# Run SQL from VBScript



## justinds89 (Jul 13, 2011)

Hello I have a batch file that works great, but I am wanting to turn it into a VBS script(which I am not familiar with yet) and ultimately turn it into an HTA graphical interface.

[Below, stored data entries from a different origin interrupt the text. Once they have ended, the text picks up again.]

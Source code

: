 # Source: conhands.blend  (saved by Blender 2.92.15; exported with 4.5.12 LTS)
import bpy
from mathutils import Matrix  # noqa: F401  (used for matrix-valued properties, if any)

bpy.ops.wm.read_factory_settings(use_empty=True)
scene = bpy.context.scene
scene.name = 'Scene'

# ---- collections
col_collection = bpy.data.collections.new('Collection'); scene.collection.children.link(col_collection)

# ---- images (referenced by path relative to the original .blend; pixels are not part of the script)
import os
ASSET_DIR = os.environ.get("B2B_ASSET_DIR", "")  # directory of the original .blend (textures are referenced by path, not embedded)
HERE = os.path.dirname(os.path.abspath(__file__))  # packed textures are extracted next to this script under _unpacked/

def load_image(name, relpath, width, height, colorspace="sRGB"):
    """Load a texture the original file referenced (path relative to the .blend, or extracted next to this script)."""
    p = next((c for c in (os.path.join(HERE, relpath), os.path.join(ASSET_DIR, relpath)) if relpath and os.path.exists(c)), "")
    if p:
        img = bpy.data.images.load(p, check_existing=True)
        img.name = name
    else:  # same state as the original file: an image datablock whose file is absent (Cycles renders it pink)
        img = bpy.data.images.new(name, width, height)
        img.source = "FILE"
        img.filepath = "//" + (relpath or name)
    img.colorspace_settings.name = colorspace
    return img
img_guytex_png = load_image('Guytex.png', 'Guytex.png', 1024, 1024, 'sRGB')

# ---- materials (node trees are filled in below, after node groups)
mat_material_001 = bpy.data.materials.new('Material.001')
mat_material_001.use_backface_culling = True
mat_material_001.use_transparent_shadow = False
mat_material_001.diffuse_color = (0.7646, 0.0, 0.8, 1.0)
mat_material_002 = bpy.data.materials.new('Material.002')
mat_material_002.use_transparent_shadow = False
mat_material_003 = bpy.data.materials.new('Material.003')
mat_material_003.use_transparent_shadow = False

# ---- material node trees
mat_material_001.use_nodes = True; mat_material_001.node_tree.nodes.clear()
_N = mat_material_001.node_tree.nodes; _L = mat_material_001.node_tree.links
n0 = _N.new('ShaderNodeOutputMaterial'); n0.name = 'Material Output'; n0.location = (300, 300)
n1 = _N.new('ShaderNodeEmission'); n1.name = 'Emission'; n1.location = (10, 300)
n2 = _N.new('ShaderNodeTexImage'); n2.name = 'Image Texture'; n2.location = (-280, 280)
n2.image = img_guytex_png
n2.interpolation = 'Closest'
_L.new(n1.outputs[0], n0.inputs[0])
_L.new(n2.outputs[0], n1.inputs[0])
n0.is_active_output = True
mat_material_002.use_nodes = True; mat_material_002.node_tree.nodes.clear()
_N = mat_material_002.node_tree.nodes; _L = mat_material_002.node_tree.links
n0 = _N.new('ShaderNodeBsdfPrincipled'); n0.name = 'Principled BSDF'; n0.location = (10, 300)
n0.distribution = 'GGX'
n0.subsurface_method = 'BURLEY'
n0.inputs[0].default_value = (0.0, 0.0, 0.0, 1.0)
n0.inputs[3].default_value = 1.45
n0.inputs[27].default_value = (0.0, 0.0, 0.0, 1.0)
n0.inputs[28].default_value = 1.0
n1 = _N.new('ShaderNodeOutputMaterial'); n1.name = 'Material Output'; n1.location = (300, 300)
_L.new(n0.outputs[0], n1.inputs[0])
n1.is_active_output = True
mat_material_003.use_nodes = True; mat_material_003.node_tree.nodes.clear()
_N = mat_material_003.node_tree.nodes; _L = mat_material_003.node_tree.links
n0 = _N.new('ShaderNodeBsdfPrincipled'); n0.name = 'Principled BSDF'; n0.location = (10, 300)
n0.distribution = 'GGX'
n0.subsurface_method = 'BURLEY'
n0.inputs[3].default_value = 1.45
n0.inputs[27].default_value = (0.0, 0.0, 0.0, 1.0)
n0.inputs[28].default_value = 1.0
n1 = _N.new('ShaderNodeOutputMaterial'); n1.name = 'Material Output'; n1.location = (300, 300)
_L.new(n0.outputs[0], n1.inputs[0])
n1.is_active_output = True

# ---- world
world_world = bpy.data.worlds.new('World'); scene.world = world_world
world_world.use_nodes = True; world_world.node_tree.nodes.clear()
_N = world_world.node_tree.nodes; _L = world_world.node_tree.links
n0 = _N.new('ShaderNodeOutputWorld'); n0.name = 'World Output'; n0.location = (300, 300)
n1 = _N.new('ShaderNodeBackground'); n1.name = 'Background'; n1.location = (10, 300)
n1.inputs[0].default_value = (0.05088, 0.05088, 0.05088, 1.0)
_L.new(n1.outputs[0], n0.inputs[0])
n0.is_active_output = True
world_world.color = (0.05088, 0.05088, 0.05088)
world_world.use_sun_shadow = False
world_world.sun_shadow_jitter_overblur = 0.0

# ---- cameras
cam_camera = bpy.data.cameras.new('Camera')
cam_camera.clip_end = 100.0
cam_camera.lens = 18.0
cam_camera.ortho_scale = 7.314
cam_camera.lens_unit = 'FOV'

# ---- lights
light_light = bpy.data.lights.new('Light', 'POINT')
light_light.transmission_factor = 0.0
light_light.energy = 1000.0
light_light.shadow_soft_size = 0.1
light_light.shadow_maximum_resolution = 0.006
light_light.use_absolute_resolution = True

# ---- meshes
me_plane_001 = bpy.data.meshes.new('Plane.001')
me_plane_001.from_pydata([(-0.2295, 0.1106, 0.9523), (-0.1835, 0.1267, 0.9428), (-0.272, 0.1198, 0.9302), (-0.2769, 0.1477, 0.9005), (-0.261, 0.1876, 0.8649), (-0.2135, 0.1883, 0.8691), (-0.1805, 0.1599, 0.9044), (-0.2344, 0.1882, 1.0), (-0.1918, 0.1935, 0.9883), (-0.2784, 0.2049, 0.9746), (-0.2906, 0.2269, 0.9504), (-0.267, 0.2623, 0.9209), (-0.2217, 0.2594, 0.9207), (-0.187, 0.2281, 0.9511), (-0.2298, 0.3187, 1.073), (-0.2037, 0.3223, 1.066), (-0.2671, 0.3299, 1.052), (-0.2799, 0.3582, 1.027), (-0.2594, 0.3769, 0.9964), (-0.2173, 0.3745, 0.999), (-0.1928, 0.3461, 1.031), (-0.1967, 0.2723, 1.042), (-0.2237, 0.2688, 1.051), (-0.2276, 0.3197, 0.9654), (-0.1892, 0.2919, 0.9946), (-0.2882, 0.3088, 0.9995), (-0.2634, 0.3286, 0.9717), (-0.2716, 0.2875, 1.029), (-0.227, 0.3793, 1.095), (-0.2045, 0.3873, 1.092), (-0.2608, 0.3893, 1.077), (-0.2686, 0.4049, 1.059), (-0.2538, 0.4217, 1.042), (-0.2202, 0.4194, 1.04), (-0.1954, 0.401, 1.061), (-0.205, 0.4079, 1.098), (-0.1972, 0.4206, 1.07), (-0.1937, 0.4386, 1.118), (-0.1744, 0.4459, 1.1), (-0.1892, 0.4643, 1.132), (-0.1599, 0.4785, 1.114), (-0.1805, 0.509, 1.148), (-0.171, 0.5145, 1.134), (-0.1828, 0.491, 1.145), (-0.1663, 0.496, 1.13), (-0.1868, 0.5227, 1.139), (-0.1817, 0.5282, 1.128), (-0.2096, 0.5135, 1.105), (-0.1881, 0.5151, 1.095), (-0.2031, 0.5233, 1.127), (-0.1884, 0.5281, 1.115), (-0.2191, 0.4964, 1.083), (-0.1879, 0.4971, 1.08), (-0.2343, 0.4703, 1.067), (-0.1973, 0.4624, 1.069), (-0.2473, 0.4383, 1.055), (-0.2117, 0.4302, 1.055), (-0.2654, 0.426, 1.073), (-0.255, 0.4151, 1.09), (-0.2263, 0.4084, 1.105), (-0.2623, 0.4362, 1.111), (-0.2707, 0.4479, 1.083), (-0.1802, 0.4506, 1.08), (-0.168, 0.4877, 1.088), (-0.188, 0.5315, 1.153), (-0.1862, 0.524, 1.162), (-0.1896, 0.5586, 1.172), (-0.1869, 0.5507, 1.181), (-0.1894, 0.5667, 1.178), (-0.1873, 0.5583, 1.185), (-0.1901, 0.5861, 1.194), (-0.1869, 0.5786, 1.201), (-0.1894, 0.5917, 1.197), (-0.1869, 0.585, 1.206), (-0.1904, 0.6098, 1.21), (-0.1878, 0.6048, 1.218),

My main concern is I have no idea how to go about running SQL commands from VBS. I will post my batch script so you can see what I am working with.



@echo off
color 70
mode con:cols=100 lines=25
del F:\MismatchScript\OutputTemp.txt
cls
echo.
:task
echo Select a task:
echo =============
echo.
echo 1) Select Count From Serial Number Table
echo 2) Select Count From Temporary Serial Number Table
echo 3) Select Count From Optimum Ref Table
echo 4) Select Count From Serial Number Not In Optimum Ref Table
echo 5) Select Count From Optimum Object Ref Table Where Serial Number Not In Serial Number Table
echo 6) Select Serial Number From Optimum Object Ref Table Not In Serial Table
echo 7) Delete Serial Number From Optimum Object Ref Table
echo 8) Display Output Of All Commands
echo 9) Exit
echo.
set /p input=Type option: 
if "%input%"=="1" goto SNCount
if "%input%"=="2" goto TSNCount
if "%input%"=="3" goto OORCount
if "%input%"=="4" goto SNNOORCount
if "%input%"=="5" goto OORSNNSNCount
if "%input%"=="6" goto SSNOORef
if "%input%"=="7" goto DSNOORef
if "%input%"=="8" goto DOACommands
if "%input%"=="9" exit

:SNCount
echo.
echo Count From Serial Number Table | F:\MismatchScript\Wtee.exe -a OutputTemp.txt
SQLPLUS.EXE -s DCSI/[email protected]**** @F:\MismatchScript\SNCount.SQL | F:\MismatchScript\Wtee.exe -a OutputTemp.txt
goto task

:TSNCount
echo.
echo Count From Temporary Serial Number Table | F:\MismatchScript\Wtee.exe -a OutputTemp.txt
SQLPLUS.EXE -s DCSI/[email protected]**** @F:\MismatchScript\TSNCount.SQL | F:\MismatchScript\Wtee.exe -a OutputTemp.txt
goto task

:OORCount
echo.
echo Count From Optimum Ref Table | F:\MismatchScript\Wtee.exe -a OutputTemp.txt
SQLPLUS.EXE -s DCSI/[email protected]**** @F:\MismatchScript\OORCount.SQL | F:\MismatchScript\Wtee.exe -a OutputTemp.txt
goto task

:SNNOORCount
echo.
echo Count From Serial Number Not In Optimum Ref Table | F:\MismatchScript\Wtee.exe -a OutputTemp.txt
SQLPLUS.EXE -s DCSI/[email protected]**** @F:\MismatchScript\SNNOORCount.SQL | F:\MismatchScript\Wtee.exe -a OutputTemp.txt
goto task

:OORSNNSNCount
echo.
echo Count From Optimum Ref Table Where Serial Number Not In Serial Number Table | F:\MismatchScript\Wtee.exe -a OutputTemp.txt
SQLPLUS.EXE -s DCSI/[email protected]****@F:\MismatchScript\OORSNNSNCount.SQL | F:\MismatchScript\Wtee.exe -a OutputTemp.txt
goto task

:SSNOORef
echo.
echo Select Serial Number From Optimum Object Ref Table Not In Serial Table | F:\MismatchScript\Wtee.exe -a OutputTemp.txt
SQLPLUS.EXE -s DCSI/[email protected]**** @F:\MismatchScript\SSNOORef.SQL | F:\MismatchScript\Wtee.exe -a OutputTemp.txt
goto task

SNOORef
echo.
echo Delete Serial Number From Optimum Object Ref Table | F:\MismatchScript\Wtee.exe -a OutputTemp.txt
SQLPLUS.EXE -s DCSI/[email protected]**** @F:\MismatchScript\DSNOORef.SQL | F:\MismatchScript\Wtee.exe -a OutputTemp.txt
goto task

OACommands
echo.
echo Displaying Output Of All Commands
F:\MismatchScript\OutputTemp.txt
goto task


----------